Figure 2. In Vitro Testing of the Cas9/RecA System. Three groups (Cas9/RecA, Cas9, and Control) were applied to HEK293FT cells, and fluorescence was measured to determine which type of DNA repair occurred.
Cai et al.³ transfected their Cas9/RecA, Cas9, and control elements (Fig 2) into human embryonic kidney 293FT cells expressing a blue fluorescent protein. When the cells have a C allele at position 196, they express a blue fluorescent protein, but a point mutation changing it to a T allele can cause the expression of enhanced green fluorescent protein. Loss of fluorescence indicates that non-homologous end joining occurred because an indel was introduced at position 196, while expression of enhanced green fluorescent protein indicates HDR occurred and the T allele is present. They saw a 1.7-fold increase in green fluorescent cells in the Cas9/RecA group compared to Cas9 only. Next, they tried their technique in vivo by electroporating rd1 mice with the Cas9/RecA and Cas9 plasmids. The Cas9/Rec- treated mice had a fivefold increase in surviving rods and a fourfold increase in surviving cones compared to Cas9 treated mice. Electroretinogram data showed that the greatest functional difference occurred in brighter light. However, the protein expressed in Cas9/RecA-treated mice was only about 2% of what was expressed in wild-type mice.

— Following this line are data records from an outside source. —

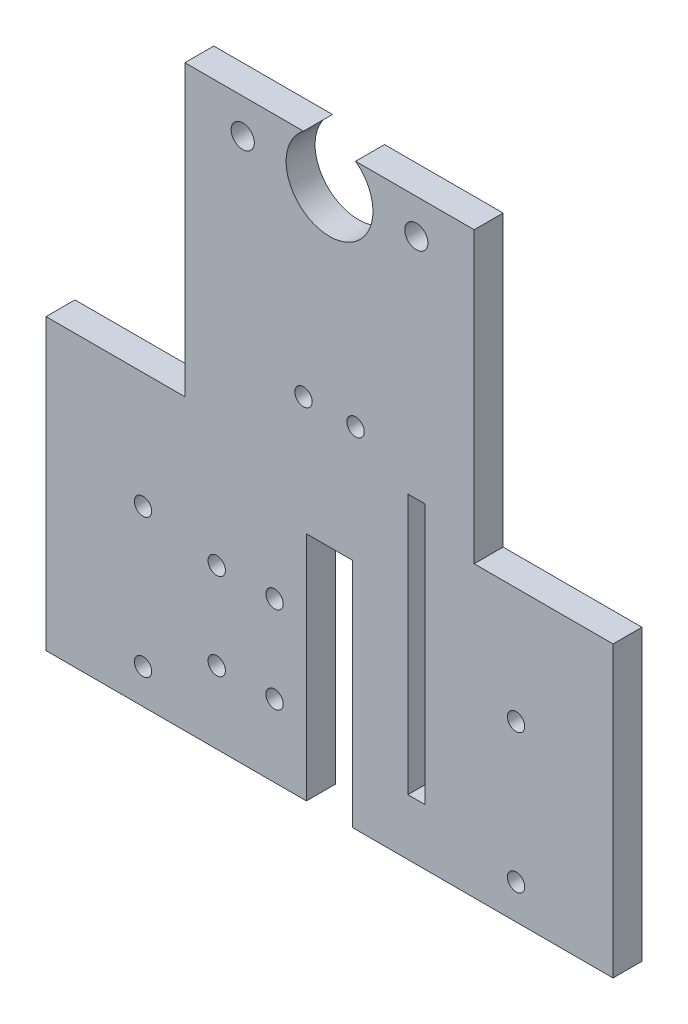
ISO-10303-21;
HEADER;
FILE_DESCRIPTION(('STEP AP214'),'2;1');
FILE_NAME('part.step','',(''),(''),'','','');
FILE_SCHEMA(('AUTOMOTIVE_DESIGN { 1 0 10303 214 1 1 1 1 }'));
ENDSEC;
DATA;
#1=APPLICATION_CONTEXT('core data for automotive mechanical design processes');
#2=APPLICATION_PROTOCOL_DEFINITION('international standard','automotive_design',2000,#1);
#3=PRODUCT_CONTEXT('',#1,'mechanical');
#4=PRODUCT('Part','Part','',(#3));
#5=PRODUCT_RELATED_PRODUCT_CATEGORY('part','',(#4));
#6=PRODUCT_DEFINITION_FORMATION('','',#4);
#7=PRODUCT_DEFINITION_CONTEXT('part definition',#1,'design');
#8=PRODUCT_DEFINITION('design','',#6,#7);
#9=PRODUCT_DEFINITION_SHAPE('','',#8);
#10=(LENGTH_UNIT() NAMED_UNIT(*) SI_UNIT(.MILLI.,.METRE.));
#11=(NAMED_UNIT(*) PLANE_ANGLE_UNIT() SI_UNIT($,.RADIAN.));
#12=(NAMED_UNIT(*) SI_UNIT($,.STERADIAN.) SOLID_ANGLE_UNIT());
#13=UNCERTAINTY_MEASURE_WITH_UNIT(LENGTH_MEASURE(1.E-05),#10,'distance_accuracy_value','');
#14=(GEOMETRIC_REPRESENTATION_CONTEXT(3) GLOBAL_UNCERTAINTY_ASSIGNED_CONTEXT((#13)) GLOBAL_UNIT_ASSIGNED_CONTEXT((#10,
#11,#12)) REPRESENTATION_CONTEXT('',''));
#15=CARTESIAN_POINT('',(0.,0.,0.));
#16=DIRECTION('',(0.,0.,1.));
#17=DIRECTION('',(1.,0.,0.));
#18=AXIS2_PLACEMENT_3D('',#15,#16,#17);
#19=CARTESIAN_POINT('',(32.235018022544,-44.,5.));
#20=DIRECTION('',(0.,0.,-1.));
#21=DIRECTION('',(-1.,0.,0.));
#22=AXIS2_PLACEMENT_3D('',#19,#20,#21);
#23=CYLINDRICAL_SURFACE('',#22,1.5);
#24=CARTESIAN_POINT('',(32.235018022544,-44.,5.));
#25=DIRECTION('',(0.,0.,-1.));
#26=DIRECTION('',(1.,0.,0.));
#27=AXIS2_PLACEMENT_3D('',#24,#25,#26);
#28=CIRCLE('',#27,1.5);
#29=CARTESIAN_POINT('',(33.735018022544,-44.,5.));
#30=VERTEX_POINT('',#29);
#31=EDGE_CURVE('E273',#30,#30,#28,.T.);
#32=ORIENTED_EDGE('',*,*,#31,.F.);
#33=EDGE_LOOP('',(#32));
#34=FACE_BOUND('',#33,.T.);
#35=CARTESIAN_POINT('',(32.235018022544,-44.,2.));
#36=DIRECTION('',(0.,0.,-1.));
#37=DIRECTION('',(-1.,0.,0.));
#38=AXIS2_PLACEMENT_3D('',#35,#36,#37);
#39=CIRCLE('',#38,1.5);
#40=CARTESIAN_POINT('',(30.735018022544,-44.,2.));
#41=VERTEX_POINT('',#40);
#42=EDGE_CURVE('E227',#41,#41,#39,.T.);
#43=ORIENTED_EDGE('',*,*,#42,.T.);
#44=EDGE_LOOP('',(#43));
#45=FACE_BOUND('',#44,.T.);
#46=ADVANCED_FACE('F39',(#34,#45),#23,.F.);
#47=CARTESIAN_POINT('',(-32.235018022544,-20.,5.));
#48=DIRECTION('',(0.,0.,-1.));
#49=DIRECTION('',(-1.,0.,0.));
#50=AXIS2_PLACEMENT_3D('',#47,#48,#49);
#51=CYLINDRICAL_SURFACE('',#50,1.5);
#52=CARTESIAN_POINT('',(-32.235018022544,-20.,5.));
#53=DIRECTION('',(0.,0.,-1.));
#54=DIRECTION('',(-1.,0.,0.));
#55=AXIS2_PLACEMENT_3D('',#52,#53,#54);
#56=CIRCLE('',#55,1.5);
#57=CARTESIAN_POINT('',(-33.735018022544,-20.,5.));
#58=VERTEX_POINT('',#57);
#59=EDGE_CURVE('E261',#58,#58,#56,.T.);
#60=ORIENTED_EDGE('',*,*,#59,.F.);
#61=EDGE_LOOP('',(#60));
#62=FACE_BOUND('',#61,.T.);
#63=CARTESIAN_POINT('',(-32.235018022544,-20.,2.));
#64=DIRECTION('',(0.,0.,-1.));
#65=DIRECTION('',(-1.,0.,0.));
#66=AXIS2_PLACEMENT_3D('',#63,#64,#65);
#67=CIRCLE('',#66,1.5);
#68=CARTESIAN_POINT('',(-33.735018022544,-20.,2.));
#69=VERTEX_POINT('',#68);
#70=EDGE_CURVE('E231',#69,#69,#67,.T.);
#71=ORIENTED_EDGE('',*,*,#70,.T.);
#72=EDGE_LOOP('',(#71));
#73=FACE_BOUND('',#72,.T.);
#74=ADVANCED_FACE('F510',(#62,#73),#51,.F.);
#75=CARTESIAN_POINT('',(-32.2350180225441,-44.,5.));
#76=DIRECTION('',(0.,0.,-1.));
#77=DIRECTION('',(-1.,0.,0.));
#78=AXIS2_PLACEMENT_3D('',#75,#76,#77);
#79=CYLINDRICAL_SURFACE('',#78,1.5);
#80=CARTESIAN_POINT('',(-32.2350180225441,-44.,5.));
#81=DIRECTION('',(0.,0.,-1.));
#82=DIRECTION('',(-1.,0.,0.));
#83=AXIS2_PLACEMENT_3D('',#80,#81,#82);
#84=CIRCLE('',#83,1.5);
#85=CARTESIAN_POINT('',(-33.7350180225441,-44.,5.));
#86=VERTEX_POINT('',#85);
#87=EDGE_CURVE('E268',#86,#86,#84,.T.);
#88=ORIENTED_EDGE('',*,*,#87,.F.);
#89=EDGE_LOOP('',(#88));
#90=FACE_BOUND('',#89,.T.);
#91=CARTESIAN_POINT('',(-32.2350180225441,-44.,2.));
#92=DIRECTION('',(0.,0.,-1.));
#93=DIRECTION('',(-1.,0.,0.));
#94=AXIS2_PLACEMENT_3D('',#91,#92,#93);
#95=CIRCLE('',#94,1.5);
#96=CARTESIAN_POINT('',(-33.7350180225441,-44.,2.));
#97=VERTEX_POINT('',#96);
#98=EDGE_CURVE('E211',#97,#97,#95,.T.);
#99=ORIENTED_EDGE('',*,*,#98,.T.);
#100=EDGE_LOOP('',(#99));
#101=FACE_BOUND('',#100,.T.);
#102=ADVANCED_FACE('F516',(#90,#101),#79,.F.);
#103=CARTESIAN_POINT('',(32.235018022544,-20.,5.));
#104=DIRECTION('',(0.,0.,-1.));
#105=DIRECTION('',(-1.,0.,0.));
#106=AXIS2_PLACEMENT_3D('',#103,#104,#105);
#107=CYLINDRICAL_SURFACE('',#106,1.5);
#108=CARTESIAN_POINT('',(32.235018022544,-20.,5.));
#109=DIRECTION('',(0.,0.,-1.));
#110=DIRECTION('',(1.,0.,0.));
#111=AXIS2_PLACEMENT_3D('',#108,#109,#110);
#112=CIRCLE('',#111,1.5);
#113=CARTESIAN_POINT('',(33.735018022544,-20.,5.));
#114=VERTEX_POINT('',#113);
#115=EDGE_CURVE('E269',#114,#114,#112,.T.);
#116=ORIENTED_EDGE('',*,*,#115,.F.);
#117=EDGE_LOOP('',(#116));
#118=FACE_BOUND('',#117,.T.);
#119=CARTESIAN_POINT('',(32.235018022544,-20.,2.));
#120=DIRECTION('',(0.,0.,-1.));
#121=DIRECTION('',(-1.,0.,0.));
#122=AXIS2_PLACEMENT_3D('',#119,#120,#121);
#123=CIRCLE('',#122,1.5);
#124=CARTESIAN_POINT('',(30.735018022544,-20.,2.));
#125=VERTEX_POINT('',#124);
#126=EDGE_CURVE('E217',#125,#125,#123,.T.);
#127=ORIENTED_EDGE('',*,*,#126,.T.);
#128=EDGE_LOOP('',(#127));
#129=FACE_BOUND('',#128,.T.);
#130=ADVANCED_FACE('F567',(#118,#129),#107,.F.);
#131=CARTESIAN_POINT('',(-25.,-50.,5.));
#132=DIRECTION('',(0.,1.,0.));
#133=DIRECTION('',(0.,0.,1.));
#134=AXIS2_PLACEMENT_3D('',#131,#132,#133);
#135=PLANE('',#134);
#136=DIRECTION('',(1.,0.,0.));
#137=VECTOR('',#136,1.);
#138=CARTESIAN_POINT('',(-25.,-50.,0.));
#139=LINE('',#138,#137);
#140=CARTESIAN_POINT('',(-49.,-50.,0.));
#141=VERTEX_POINT('',#140);
#142=CARTESIAN_POINT('',(-4.,-50.,0.));
#143=VERTEX_POINT('',#142);
#144=EDGE_CURVE('E395',#141,#143,#139,.T.);
#145=ORIENTED_EDGE('',*,*,#144,.T.);
#146=DIRECTION('',(0.,0.,-1.));
#147=VECTOR('',#146,1.);
#148=CARTESIAN_POINT('',(-4.,-50.,5.));
#149=LINE('',#148,#147);
#150=CARTESIAN_POINT('',(-4.,-50.,5.));
#151=VERTEX_POINT('',#150);
#152=EDGE_CURVE('E308',#151,#143,#149,.T.);
#153=ORIENTED_EDGE('',*,*,#152,.F.);
#154=DIRECTION('',(1.,0.,0.));
#155=VECTOR('',#154,1.);
#156=CARTESIAN_POINT('',(25.,-50.,5.));
#157=LINE('',#156,#155);
#158=CARTESIAN_POINT('',(-49.,-50.,5.));
#159=VERTEX_POINT('',#158);
#160=EDGE_CURVE('E340',#159,#151,#157,.T.);
#161=ORIENTED_EDGE('',*,*,#160,.F.);
#162=DIRECTION('',(0.,0.,-1.));
#163=VECTOR('',#162,1.);
#164=CARTESIAN_POINT('',(-49.,-50.,5.));
#165=LINE('',#164,#163);
#166=EDGE_CURVE('E369',#159,#141,#165,.T.);
#167=ORIENTED_EDGE('',*,*,#166,.T.);
#168=EDGE_LOOP('',(#145,#153,#161,#167));
#169=FACE_BOUND('',#168,.T.);
#170=ADVANCED_FACE('F465',(#169),#135,.F.);
#171=CARTESIAN_POINT('',(-25.,50.,5.));
#172=DIRECTION('',(0.,-1.,0.));
#173=DIRECTION('',(0.,0.,-1.));
#174=AXIS2_PLACEMENT_3D('',#171,#172,#173);
#175=PLANE('',#174);
#176=DIRECTION('',(-1.,0.,0.));
#177=VECTOR('',#176,1.);
#178=CARTESIAN_POINT('',(-25.,50.,0.));
#179=LINE('',#178,#177);
#180=CARTESIAN_POINT('',(25.,50.,0.));
#181=VERTEX_POINT('',#180);
#182=CARTESIAN_POINT('',(4.50000000000001,50.,0.));
#183=VERTEX_POINT('',#182);
#184=EDGE_CURVE('E380',#181,#183,#179,.T.);
#185=ORIENTED_EDGE('',*,*,#184,.T.);
#186=DIRECTION('',(0.,0.,1.));
#187=VECTOR('',#186,1.);
#188=CARTESIAN_POINT('',(4.50000000000001,50.,-5.));
#189=LINE('',#188,#187);
#190=CARTESIAN_POINT('',(4.50000000000001,50.,5.));
#191=VERTEX_POINT('',#190);
#192=EDGE_CURVE('E11',#183,#191,#189,.T.);
#193=ORIENTED_EDGE('',*,*,#192,.T.);
#194=DIRECTION('',(-1.,0.,0.));
#195=VECTOR('',#194,1.);
#196=CARTESIAN_POINT('',(-25.,50.,5.));
#197=LINE('',#196,#195);
#198=CARTESIAN_POINT('',(25.,50.,5.));
#199=VERTEX_POINT('',#198);
#200=EDGE_CURVE('E355',#199,#191,#197,.T.);
#201=ORIENTED_EDGE('',*,*,#200,.F.);
#202=DIRECTION('',(0.,0.,-1.));
#203=VECTOR('',#202,1.);
#204=CARTESIAN_POINT('',(25.,50.,5.));
#205=LINE('',#204,#203);
#206=EDGE_CURVE('E414',#199,#181,#205,.T.);
#207=ORIENTED_EDGE('',*,*,#206,.T.);
#208=EDGE_LOOP('',(#185,#193,#201,#207));
#209=FACE_BOUND('',#208,.T.);
#210=ADVANCED_FACE('F496',(#209),#175,.F.);
#211=CARTESIAN_POINT('',(0.,0.,5.));
#212=DIRECTION('',(0.,0.,1.));
#213=DIRECTION('',(1.,0.,0.));
#214=AXIS2_PLACEMENT_3D('',#211,#212,#213);
#215=PLANE('',#214);
#216=CARTESIAN_POINT('',(-9.5,-37.5,5.));
#217=DIRECTION('',(0.,0.,1.));
#218=DIRECTION('',(1.,0.,0.));
#219=AXIS2_PLACEMENT_3D('',#216,#217,#218);
#220=CIRCLE('',#219,1.5);
#221=CARTESIAN_POINT('',(-8.,-37.5,5.));
#222=VERTEX_POINT('',#221);
#223=EDGE_CURVE('E891',#222,#222,#220,.T.);
#224=ORIENTED_EDGE('',*,*,#223,.F.);
#225=EDGE_LOOP('',(#224));
#226=FACE_BOUND('',#225,.T.);
#227=CARTESIAN_POINT('',(-19.5,-37.5,5.));
#228=DIRECTION('',(0.,0.,1.));
#229=DIRECTION('',(1.,0.,0.));
#230=AXIS2_PLACEMENT_3D('',#227,#228,#229);
#231=CIRCLE('',#230,1.5);
#232=CARTESIAN_POINT('',(-18.,-37.5,5.));
#233=VERTEX_POINT('',#232);
#234=EDGE_CURVE('E897',#233,#233,#231,.T.);
#235=ORIENTED_EDGE('',*,*,#234,.F.);
#236=EDGE_LOOP('',(#235));
#237=FACE_BOUND('',#236,.T.);
#238=CARTESIAN_POINT('',(-19.5,-22.5,5.));
#239=DIRECTION('',(0.,0.,1.));
#240=DIRECTION('',(1.,0.,0.));
#241=AXIS2_PLACEMENT_3D('',#238,#239,#240);
#242=CIRCLE('',#241,1.5);
#243=CARTESIAN_POINT('',(-18.,-22.5,5.));
#244=VERTEX_POINT('',#243);
#245=EDGE_CURVE('E912',#244,#244,#242,.T.);
#246=ORIENTED_EDGE('',*,*,#245,.F.);
#247=EDGE_LOOP('',(#246));
#248=FACE_BOUND('',#247,.T.);
#249=CARTESIAN_POINT('',(-9.5,-22.5,5.));
#250=DIRECTION('',(0.,0.,1.));
#251=DIRECTION('',(1.,0.,0.));
#252=AXIS2_PLACEMENT_3D('',#249,#250,#251);
#253=CIRCLE('',#252,1.5);
#254=CARTESIAN_POINT('',(-8.,-22.5,5.));
#255=VERTEX_POINT('',#254);
#256=EDGE_CURVE('E916',#255,#255,#253,.T.);
#257=ORIENTED_EDGE('',*,*,#256,.F.);
#258=EDGE_LOOP('',(#257));
#259=FACE_BOUND('',#258,.T.);
#260=CARTESIAN_POINT('',(4.5,10.25,5.));
#261=DIRECTION('',(0.,0.,1.));
#262=DIRECTION('',(1.,0.,0.));
#263=AXIS2_PLACEMENT_3D('',#260,#261,#262);
#264=CIRCLE('',#263,1.5);
#265=CARTESIAN_POINT('',(5.99999999999999,10.25,5.));
#266=VERTEX_POINT('',#265);
#267=EDGE_CURVE('E193',#266,#266,#264,.T.);
#268=ORIENTED_EDGE('',*,*,#267,.F.);
#269=EDGE_LOOP('',(#268));
#270=FACE_BOUND('',#269,.T.);
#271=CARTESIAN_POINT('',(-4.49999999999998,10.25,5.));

Cai et al.³ chose the rd1 mouse model for their experiment, which has an aggressive phenotype. The rd10 mouse, also with a PDE6B mutation, has been suggested as an alternative for modeling RP in humans.⁷ Since they found more success treating postnatal day 0 mice than postnatal day 3 mice, allowing a longer treatment window would likely provide better results and be more representative of the human disease progression. Additionally, mice have a 35:1 rod-to-cone ratio, while humans have a ratio of 20:1. Experimentation in an animal with a more similar retina would better predict the effect on humans. The Sloughi Dog, or Arabian Greyhound, is affected by retinal atrophy due to PDE6B mutations, but people are generally hesitant to test potentially dangerous treatments on animals that are common pets.
Expression of 2% of the wild-type amount of protein seems trivial. However, patients can lose a significant amount of rods and cones (up to 90%) before noticing a difference in the clarity of their vision. Restoration to 20/20 vision is not necessarily the goal. About 90% of rods must be lost before cone degeneration, so maintaining beneath that threshold can prevent the most deleterious effects. Overall, the combined CRISPR-Cas9/RecA therapy shows promise for editing terminally differentiated cells, and in tandem with other tools for promoting HDR like vSLENDR, a technique using an adeno-associated virus, could provide significant benefits to patients with neurological disease.